• Exercise aim
The full set of entries is to be printed exactly, with pictures excluded.

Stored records
....

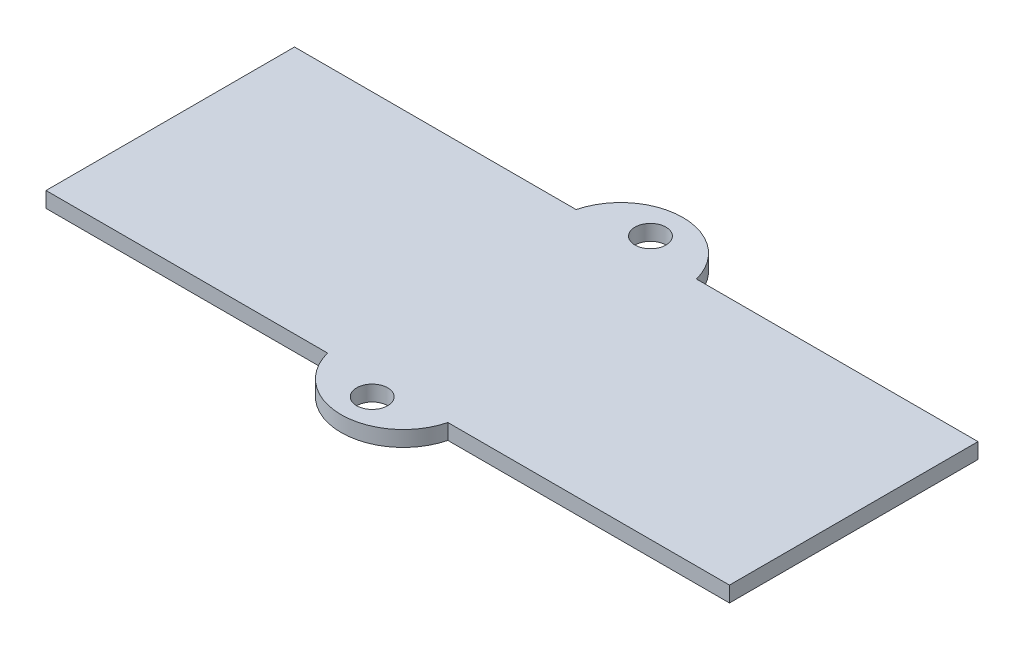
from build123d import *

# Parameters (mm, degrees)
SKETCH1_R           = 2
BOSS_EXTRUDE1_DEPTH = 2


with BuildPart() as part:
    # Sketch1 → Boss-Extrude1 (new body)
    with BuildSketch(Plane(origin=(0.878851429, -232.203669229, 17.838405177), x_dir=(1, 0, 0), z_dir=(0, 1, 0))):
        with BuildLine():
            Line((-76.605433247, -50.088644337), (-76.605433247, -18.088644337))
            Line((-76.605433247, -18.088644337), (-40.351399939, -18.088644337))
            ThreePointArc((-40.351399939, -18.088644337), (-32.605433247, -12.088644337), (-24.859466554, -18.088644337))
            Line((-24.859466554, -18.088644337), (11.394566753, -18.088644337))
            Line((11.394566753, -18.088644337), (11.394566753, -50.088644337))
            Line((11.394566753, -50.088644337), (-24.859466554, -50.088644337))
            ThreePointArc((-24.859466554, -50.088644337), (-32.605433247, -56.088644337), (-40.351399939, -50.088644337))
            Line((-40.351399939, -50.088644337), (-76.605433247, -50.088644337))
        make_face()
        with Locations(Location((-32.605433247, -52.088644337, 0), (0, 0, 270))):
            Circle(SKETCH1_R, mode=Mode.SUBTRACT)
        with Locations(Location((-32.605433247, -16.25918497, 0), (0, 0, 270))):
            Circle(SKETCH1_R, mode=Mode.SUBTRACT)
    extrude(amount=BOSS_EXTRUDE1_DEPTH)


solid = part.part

....

• Final answer
from build123d import *

# Parameters (mm, degrees)
SKETCH1_R           = 2
BOSS_EXTRUDE1_DEPTH = 2


with BuildPart() as part:
    # Sketch1 → Boss-Extrude1 (new body)
    with BuildSketch(Plane(origin=(0.878851429, -232.203669229, 17.838405177), x_dir=(1, 0, 0), z_dir=(0, 1, 0))):
        with BuildLine():
            Line((-76.605433247, -50.088644337), (-76.605433247, -18.088644337))
            Line((-76.605433247, -18.088644337), (-40.351399939, -18.088644337))
            ThreePointArc((-40.351399939, -18.088644337), (-32.605433247, -12.088644337), (-24.859466554, -18.088644337))
            Line((-24.859466554, -18.088644337), (11.394566753, -18.088644337))
            Line((11.394566753, -18.088644337), (11.394566753, -50.088644337))
            Line((11.394566753, -50.088644337), (-24.859466554, -50.088644337))
            ThreePointArc((-24.859466554, -50.088644337), (-32.605433247, -56.088644337), (-40.351399939, -50.088644337))
            Line((-40.351399939, -50.088644337), (-76.605433247, -50.088644337))
        make_face()
        with Locations(Location((-32.605433247, -52.088644337, 0), (0, 0, 270))):
            Circle(SKETCH1_R, mode=Mode.SUBTRACT)
        with Locations(Location((-32.605433247, -16.25918497, 0), (0, 0, 270))):
            Circle(SKETCH1_R, mode=Mode.SUBTRACT)
    extrude(amount=BOSS_EXTRUDE1_DEPTH)


solid = part.part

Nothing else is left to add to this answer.